With rapid fingering on the keyboard, Yosef undid the visible stitching and continued to open the cyber gates, producing readable material.
And then the first of the security lights came on, blinking.
A security screen to the right of the PC monitor was divided into quarters, showing a different part of the residence on each segment. The top left portion showed three men scaling the small gate to his building, which was always kept locked. The second security lamp lit up. The intruders were now at the front door of the building, one hunkering by the lock to disengage it.
Yosef typed even faster, realizing that he wouldn’t have time to decipher the rest of the encryption. He saved the partially decoded document onto his desktop.
The third security lamp began to blink, the intruders now in the hallway making their way up the stairs to his apartment.
Yosef quickly brought up the email addresses of Washington’s FBI office and the CIA and attached the desktop document. As the file uploaded, the computer suddenly appeared to work with glacial slowness. The message, when received by the American constituencies, would be from a Mossad ISP address in order to protect the identity of the operative. Mossad would appear as the direct sender.

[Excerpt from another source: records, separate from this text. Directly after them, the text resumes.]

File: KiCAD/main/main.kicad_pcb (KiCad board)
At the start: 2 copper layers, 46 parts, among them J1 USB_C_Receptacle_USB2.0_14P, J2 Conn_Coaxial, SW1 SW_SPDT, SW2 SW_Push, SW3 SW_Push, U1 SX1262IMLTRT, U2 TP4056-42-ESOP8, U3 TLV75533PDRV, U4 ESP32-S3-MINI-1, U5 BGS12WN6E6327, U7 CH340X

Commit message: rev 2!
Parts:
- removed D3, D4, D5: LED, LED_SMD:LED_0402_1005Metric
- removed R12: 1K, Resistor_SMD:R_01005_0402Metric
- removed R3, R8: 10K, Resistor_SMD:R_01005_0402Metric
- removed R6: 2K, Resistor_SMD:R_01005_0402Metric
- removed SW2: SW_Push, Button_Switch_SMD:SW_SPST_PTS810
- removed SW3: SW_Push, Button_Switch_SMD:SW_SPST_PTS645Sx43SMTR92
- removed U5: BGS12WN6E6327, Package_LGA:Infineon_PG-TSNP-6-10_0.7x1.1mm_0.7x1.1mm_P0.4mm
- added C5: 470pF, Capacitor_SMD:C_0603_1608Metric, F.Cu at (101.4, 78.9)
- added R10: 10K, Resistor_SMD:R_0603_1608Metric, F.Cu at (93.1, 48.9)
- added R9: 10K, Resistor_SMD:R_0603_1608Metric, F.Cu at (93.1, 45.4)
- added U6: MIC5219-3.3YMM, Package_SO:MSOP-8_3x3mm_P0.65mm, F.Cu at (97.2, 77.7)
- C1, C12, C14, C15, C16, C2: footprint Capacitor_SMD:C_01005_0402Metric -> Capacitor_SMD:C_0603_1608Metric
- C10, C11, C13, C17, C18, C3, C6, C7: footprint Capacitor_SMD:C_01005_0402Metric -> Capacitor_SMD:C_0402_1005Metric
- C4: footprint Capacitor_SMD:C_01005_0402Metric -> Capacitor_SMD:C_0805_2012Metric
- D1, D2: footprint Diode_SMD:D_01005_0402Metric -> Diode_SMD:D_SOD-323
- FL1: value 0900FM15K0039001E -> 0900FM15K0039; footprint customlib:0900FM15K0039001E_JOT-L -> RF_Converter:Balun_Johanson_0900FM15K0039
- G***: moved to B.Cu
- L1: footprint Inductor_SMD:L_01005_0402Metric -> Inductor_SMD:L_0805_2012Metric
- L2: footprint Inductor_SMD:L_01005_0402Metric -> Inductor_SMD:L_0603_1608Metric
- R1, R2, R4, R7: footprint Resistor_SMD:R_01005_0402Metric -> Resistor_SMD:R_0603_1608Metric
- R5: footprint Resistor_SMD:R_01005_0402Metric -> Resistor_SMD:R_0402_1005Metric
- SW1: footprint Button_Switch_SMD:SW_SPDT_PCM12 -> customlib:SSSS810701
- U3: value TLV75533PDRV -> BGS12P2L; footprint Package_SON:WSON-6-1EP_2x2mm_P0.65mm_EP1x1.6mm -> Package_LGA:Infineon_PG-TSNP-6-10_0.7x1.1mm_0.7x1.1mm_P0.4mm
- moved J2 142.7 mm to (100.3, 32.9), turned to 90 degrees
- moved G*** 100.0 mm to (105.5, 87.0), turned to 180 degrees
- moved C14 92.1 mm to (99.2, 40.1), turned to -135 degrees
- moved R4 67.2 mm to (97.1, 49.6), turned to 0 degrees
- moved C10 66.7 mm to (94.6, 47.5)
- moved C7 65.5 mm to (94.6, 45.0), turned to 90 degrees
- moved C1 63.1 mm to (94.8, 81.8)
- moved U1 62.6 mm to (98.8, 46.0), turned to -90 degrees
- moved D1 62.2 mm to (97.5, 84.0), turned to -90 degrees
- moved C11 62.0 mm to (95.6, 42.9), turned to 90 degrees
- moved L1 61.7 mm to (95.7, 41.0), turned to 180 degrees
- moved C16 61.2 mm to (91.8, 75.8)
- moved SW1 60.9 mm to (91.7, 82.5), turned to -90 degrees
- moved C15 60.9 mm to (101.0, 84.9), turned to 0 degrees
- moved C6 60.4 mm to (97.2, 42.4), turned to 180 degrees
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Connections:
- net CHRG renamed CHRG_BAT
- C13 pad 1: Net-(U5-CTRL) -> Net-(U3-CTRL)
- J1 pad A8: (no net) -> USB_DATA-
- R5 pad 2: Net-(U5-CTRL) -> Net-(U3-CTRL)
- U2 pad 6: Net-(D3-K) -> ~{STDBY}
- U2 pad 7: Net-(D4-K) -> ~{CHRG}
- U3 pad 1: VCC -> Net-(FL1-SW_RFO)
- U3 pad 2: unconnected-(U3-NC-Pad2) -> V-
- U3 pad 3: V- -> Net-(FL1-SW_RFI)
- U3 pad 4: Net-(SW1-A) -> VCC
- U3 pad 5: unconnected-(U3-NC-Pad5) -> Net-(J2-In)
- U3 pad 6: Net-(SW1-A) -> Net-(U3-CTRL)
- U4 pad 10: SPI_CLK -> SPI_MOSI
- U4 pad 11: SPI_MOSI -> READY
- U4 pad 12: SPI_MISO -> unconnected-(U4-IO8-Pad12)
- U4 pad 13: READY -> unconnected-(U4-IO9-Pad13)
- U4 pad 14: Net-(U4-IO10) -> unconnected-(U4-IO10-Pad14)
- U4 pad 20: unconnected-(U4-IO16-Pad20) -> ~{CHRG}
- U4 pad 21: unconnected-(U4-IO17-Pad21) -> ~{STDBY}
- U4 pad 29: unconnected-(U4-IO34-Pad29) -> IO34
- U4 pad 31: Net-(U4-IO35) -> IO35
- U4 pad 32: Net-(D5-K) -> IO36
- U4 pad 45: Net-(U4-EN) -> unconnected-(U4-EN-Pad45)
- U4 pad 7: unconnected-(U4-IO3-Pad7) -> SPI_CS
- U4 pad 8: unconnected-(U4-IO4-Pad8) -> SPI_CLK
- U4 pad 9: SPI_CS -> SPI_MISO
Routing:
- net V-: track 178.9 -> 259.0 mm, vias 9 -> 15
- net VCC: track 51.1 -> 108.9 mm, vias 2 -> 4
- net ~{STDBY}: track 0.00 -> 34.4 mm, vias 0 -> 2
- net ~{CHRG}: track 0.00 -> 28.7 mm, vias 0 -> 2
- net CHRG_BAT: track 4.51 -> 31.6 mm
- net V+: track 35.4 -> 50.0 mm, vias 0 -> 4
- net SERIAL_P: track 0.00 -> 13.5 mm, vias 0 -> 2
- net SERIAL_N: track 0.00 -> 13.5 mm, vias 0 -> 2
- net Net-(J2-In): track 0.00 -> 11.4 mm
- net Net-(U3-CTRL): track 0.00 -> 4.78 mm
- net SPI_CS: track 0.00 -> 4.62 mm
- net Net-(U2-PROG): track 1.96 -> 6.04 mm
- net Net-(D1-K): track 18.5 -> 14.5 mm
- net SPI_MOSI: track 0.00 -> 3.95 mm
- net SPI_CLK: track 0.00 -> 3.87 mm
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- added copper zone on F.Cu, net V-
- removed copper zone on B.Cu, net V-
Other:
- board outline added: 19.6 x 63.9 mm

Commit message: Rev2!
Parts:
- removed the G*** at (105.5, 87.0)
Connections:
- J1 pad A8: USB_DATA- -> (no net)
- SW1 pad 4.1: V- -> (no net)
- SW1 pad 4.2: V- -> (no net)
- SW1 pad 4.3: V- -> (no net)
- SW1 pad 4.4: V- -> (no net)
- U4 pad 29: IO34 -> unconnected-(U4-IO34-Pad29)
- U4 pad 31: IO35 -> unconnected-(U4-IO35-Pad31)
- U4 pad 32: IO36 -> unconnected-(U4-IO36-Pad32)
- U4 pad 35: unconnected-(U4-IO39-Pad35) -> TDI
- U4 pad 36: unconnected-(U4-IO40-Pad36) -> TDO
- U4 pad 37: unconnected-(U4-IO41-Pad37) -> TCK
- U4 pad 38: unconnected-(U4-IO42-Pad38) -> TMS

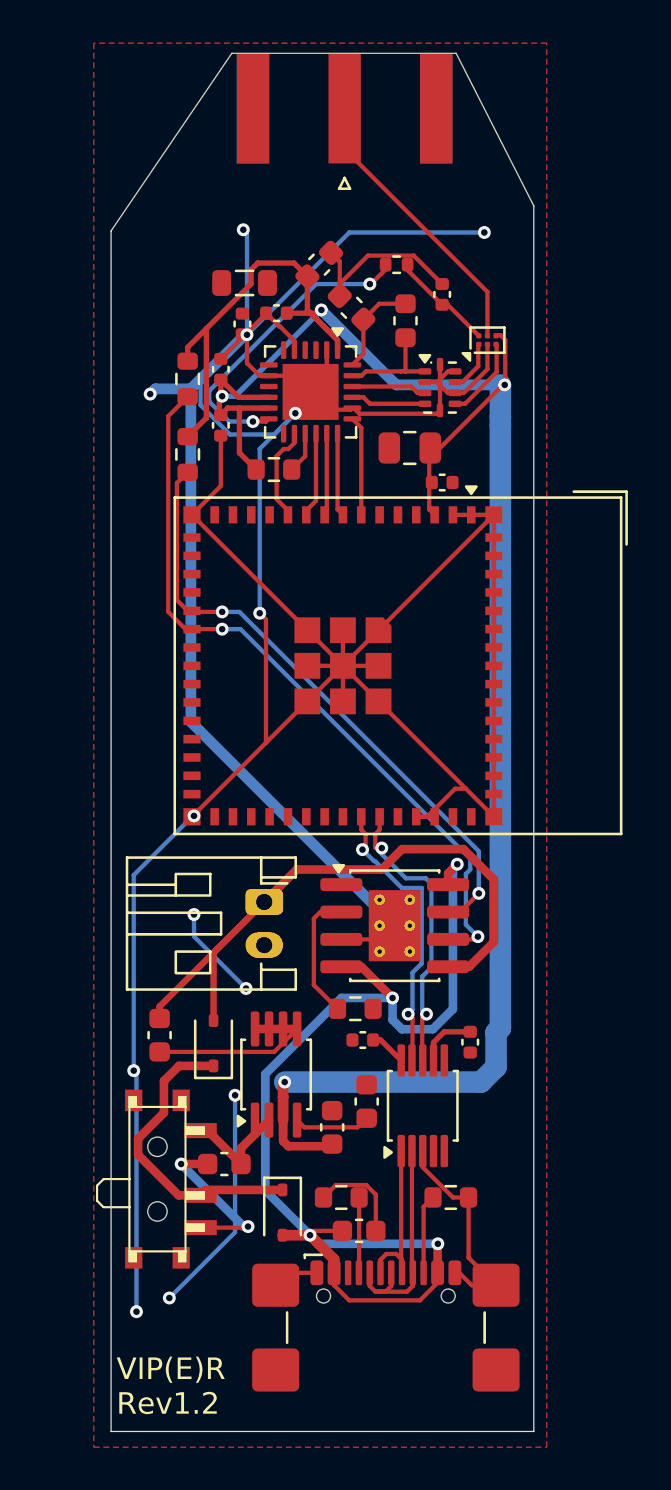
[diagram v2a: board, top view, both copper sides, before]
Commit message: added screen to rev 2 and bumped version to 2.1
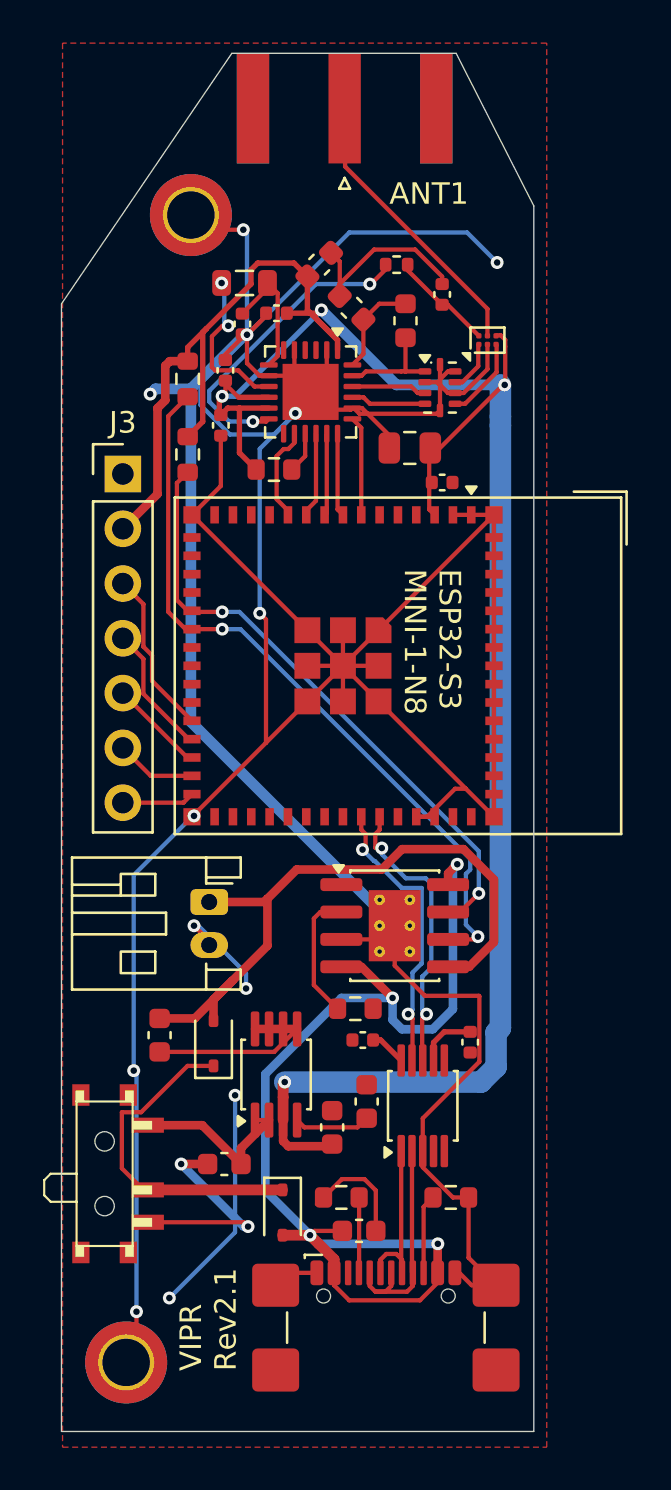
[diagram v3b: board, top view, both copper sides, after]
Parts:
- added H1: MountingHole_Pad, MountingHole:MountingHole_2.2mm_M2_DIN965_Pad_TopBottom, F.Cu at (90.2, 91.0)
- added H2: MountingHole_Pad, MountingHole:MountingHole_2.2mm_M2_DIN965_Pad_TopBottom, F.Cu at (93.2, 37.8)
- added J3: Conn_01x07_Socket, Connector_PinHeader_2.54mm:PinHeader_1x07_P2.54mm_Vertical, F.Cu at (90.0, 49.8)
- moved BT1 2.55 mm to (94.0, 69.7)
- moved SW1 2.46 mm to (89.2, 82.2)
- moved C7 0.22 mm to (94.8, 45.0)
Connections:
- U4 pad 26: unconnected-(U4-IO26-Pad26) -> SCR_CLK
- U4 pad 27: unconnected-(U4-IO47-Pad27) -> SCR_MOSI
- U4 pad 28: unconnected-(U4-IO33-Pad28) -> SCR_RES
- U4 pad 29: unconnected-(U4-IO34-Pad29) -> SCR_DC
- U4 pad 30: unconnected-(U4-IO48-Pad30) -> SCR_CS
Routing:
- net V-: track 259.0 -> 286.2 mm
- net VCC: track 108.9 -> 118.4 mm
- net SCR_CLK: track 0.00 -> 7.69 mm
- net Net-(U1-DCC_SW): track 0.00 -> 7.56 mm, vias 0 -> 2
- net SCR_MOSI: track 0.00 -> 6.09 mm
- net Net-(U1-VREG): track 0.00 -> 6.07 mm
- net SCR_RES: track 0.00 -> 4.44 mm
- net SCR_DC: track 0.00 -> 3.74 mm
- net Net-(SW1-A): track 5.09 -> 8.50 mm
- net SCR_CS: track 0.00 -> 3.37 mm
- net Net-(D1-K): track 14.5 -> 15.6 mm
- net CHRG_BAT: track 31.6 -> 30.7 mm
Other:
- board size 19.6 x 63.9 mm -> 21.9 x 63.9 mm
- board text added: "ANT1"
- board text added: "ESP32-S3 MINI-1-N8"
- board text added: "VIP(E)R Rev2.1"
- board text added: "VIPR Rev2.1"
- board text removed: "VIP(E)R Rev1.2"

The fourth and final lamp lit, the amber bulb blinking in rapid succession. The intruders were now milling at his doorstep, their voices hushed, talking, deciding.
Just as the document loaded, Yosef hit the SEND button.
At that moment, the door to his apartment crashed inward.
After hitting the reset button to quickly clear the computer screen, Yosef stood to face his aggressors. “What is this? What do you want?”
Three men stood silhouetted against the light of the hallway.
“I demand to know—”
“What you demand means nothing to me,” said the first man. Even silhouetted, the man appeared slight — hardly a physical threat, but his voice possessed something strong and unyielding.
The small man stepped closer, his features clearer. His hair was dark and his face was lined with age and wisdom, the creases also denoting years of pain, anger and persecution. Here stood Yitzhak Paled, head of the Lohamah Psichlogit.
“How much did you decipher?” he asked calmly. “And who did you send it to?”
Yosef shook his head. “I don’t know what you’re talk—”
Paled reached out with a quick hand and cuffed Yosef in the face. “How much did you decipher?” he repeated. “And who did you send it to?”
Yosef stood there with his hand to his face, the thrill of espionage no longer a romantic ideal, as reality set in like an anchor. His gut was churning.
“If I have to ask you again, Yosef, which I doubt is your real name, then I’ll break every bone in your body until I get what I want, starting with your fingers. Is that clear?”
Yosef didn’t respond, his tongue bound by paralytic terror.
“Case in point,” said Paled, removing three Polaroids from his shirt pocket and splaying them across the table in the glow of the computer monitor. Even in the feeble light, Yosef could see the brutally battered face of his LAP contact, David Gonick. His features were bloodied, his mouth slightly agape, teeth missing. His eyes had rolled up into their sockets before he died. “He was caught on tape dropping the data off on your level,” Paled added. “And you were caught on tape picking it up.”
Yosef’s eyes traveled back to the photos.
“If I don’t get what I want, Yosef, then I’ll be adding three more Polaroids to this set.”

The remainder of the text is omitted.